# Time series analysis

In this pre-class assignment, we're going to be working with a time series dataset of a Galactic [low-mass x-ray binary](https://en.wikipedia.org/wiki/X-ray_binary#Low-mass_X-ray_binary), GX 5-1 ([Jonker et al. 2002](http://adsabs.harvard.edu/abs/2002MNRAS.333..665J)).  GX 5-1 contains a number of periodic and quasi-periodic behaviors that we can examine with the techniques from Chapter 11 of Feigelson.

The dataset was taken by [Norris et al. (1990)](http://adsabs.harvard.edu/abs/1990ApJ...361..514N) using the [Ginga](https://en.wikipedia.org/wiki/Ginga_(satellite)) satellite.  The dataset has 65,536 observations, which are contiguous measurements of the number of X-ray counts in intervals of $\Delta t = 1/128$ seconds for a total of 512 seconds. 

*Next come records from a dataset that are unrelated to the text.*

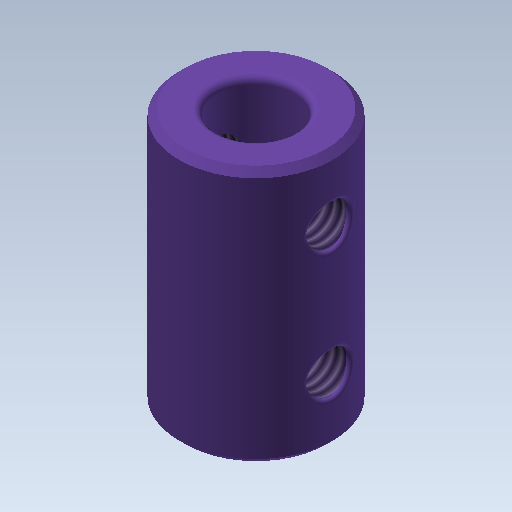
# Autodesk Inventor part: MOTOR COUPLER CONNECTOR
Saved by Autodesk Inventor 2021.1 (Build 251245010, 245A)
## iProperties
Created: 2022-09-23
Part Number: MOTOR COUPLER CONNECTOR
Material: Steel, Mild
Document SubType Name: Modeling
Designer: klama
Density: 7.85 g/cm^3
Appearance: Violet
Author: klama
Autodesk Inventor part; units mm, degrees
ref_plane "XZ Plane" through (0, 0, 0) normal (0, 1, 0) x (-1, 0, 0)
ref_plane "XY Plane" through (0, 0, 0) normal (0, 0, 1) x (1, 0, 0)
sketch "Sketch1" plane through (0, 0, 0) normal (0, 0, 1) x (1, 0, 0)
  line L0 (-1.2, 0) -> (7.2, 0) construction
  line L1 (0, -14) -> (0, 14) construction
  line L2 (3, 10) -> (3, -10)
  line L3 (3, -10) -> (6, -10)
  line L4 (6, -10) -> (6, 10)
  line L5 (6, 10) -> (3, 10)
  point P0 (0, 0)
  point P1 (3, 0)
  dimension "d0" = 12
  dimension "d1" = 6
  dimension "d2" = 20
  constraints: 8 end point, 3 perpendicular, 1 horizontal alignment, 1 midpoint, 1 vertical
  measures "d0" diameter of L4 L1
  measures "d1" diameter of L2 L1
  measures "d2" distance of L3.end L4.end
revolve "Revolution1" add sketch "Sketch1" angle 360 about axis through (0, -10, 0) along (0, 1, 0)
chamfer "Chamfer1" distance 0.5 angle 45 2 edges at (-6, 10, 0) (-6, -10, 0)
fillet "Fillet1" radius 0.5 2 edges at (-3, 10, 0) (-3, -10, 0)
sketch "Sketch2" plane through (0, 0, 0) normal (1, 0, 0) x (0, 1, 0)
  line L0 (-14, 0) -> (14, 0) construction
  line L1 (0, -8.4) -> (0, 8.4) construction
  line L2 (10, -3.5) -> (10, 3.5) projected
  point P0 (0, 0)
  point P1 (5, 0)
  dimension "d8" = 5
  constraints: 1 point on line
  measures "d8" distance from line of point (5, 0) L2
hole "Hole1" at (0, 5, 0) direction (-1, 0, 0) diameter 3.242 depth 11.8 tip angle 118 thread size "M4x0.7" class "6H" standard "ANSI Metric M Profile"
mirror "Mirror1" about plane through (0, 0, 0) normal (0, 1, 0) of "Hole1"
mirror "Mirror2" about plane through (0, 0, 0) normal (1, 0, 0) of "Hole1", "Mirror1"
fillet "Fillet2" radius 0.25 8 edges at (-5.7769, 4.9983, 1.621) (-5.7769, -4.9983, 1.621) (5.8744, 3.9339, -1.2211) (5.8746, 6.0668, -1.2205) (5.7769, 4.9998, 1.621) (5.8746, -6.0668, -1.2205) (5.8744, -3.9339, -1.2211) (5.7769, -4.9998, 1.621)
ref_plane "Work Plane2" through (6, 0, 0) normal (1, 0, 0) x (0, 1, 0)
ref_plane "Work Plane1" through (0, 0, 0) normal (1, 0, 0) x (0, 1, 0)
body "Solid1"

The cell immediately below this reads in the data, reshapes the array of counts so it has the right shape, and then creates an array of times.  Instructions are below that!

In [None]:
import numpy as np
import numpy.random as npr
%matplotlib inline
import matplotlib.pyplot as plt

# get the data!
counts = np.loadtxt("GX.dat")
print("original array shape:", counts.shape)

# the array is the wrong shape because the data is structured oddly.  The counts
# are in order in time, and meant to be read left to right, top to bottom.  (So
# each row is contiguous in time, and the following row comes after it in time.)
# we can sort this out by reshaping the array to be 1D
counts = np.reshape(counts,counts.size,order='C')
print("NEW array shape:     ", counts.shape)

# make an array 
times = np.arange(0.0,counts.size/128.0,1.0/128.0)

First, let's plot the data.  Make sure to plot it as points, not as a line!  You may want to zoom in on the first second or two of the data to see what's going on.  Also, make a 1D histogram of the bin counts to get a sense of the behavior of the data.  As you vary the number of bins in the histogram, what happens?

The dataset is clearly very noisy.  Try smoothing it with the Central Moving Average (CMA) smoother (Equation 11.4 in Feigelson) to see if there is underlying structure.  Try varying the number of bins in the moving-average smoother: j = 4, 32, 256, 1024.  How does that affect the observed behavior of the dataset if you plot counts vs. time?  Note: make arrays for each of the smoothed datasets!

Use the [SciPy FFT routines](https://docs.scipy.org/doc/scipy-0.18.1/reference/tutorial/fftpack.html) to calculate the Fourier transform of the dataset and get its resulting behavior in Fourier space.  What happens when you do this for successively more smoothed versions of the dataset?  (Hint: look back at your work for the pre-class and in-class assignments for Day 8, and Homework 3!)

Write a function to calculate the autocorrelation function (Feigelson Eq. 11.3, described in more detail in Section 11.3.2), and do so for each of the smoothed datasets that you created above.  How does this compare to the FFT?  (Hint: think about what the x-axis of the autocorrelation function means as compared to the FFT when trying to make this comparison!)

Finally, write a function that calculates the 2nd-order structure function (Section 11.4.2) $D^2(\tau)$ for the various smoothed datasets above, and plot $D^2(\tau)$ vs. $\tau$.  Compare it to your prior results.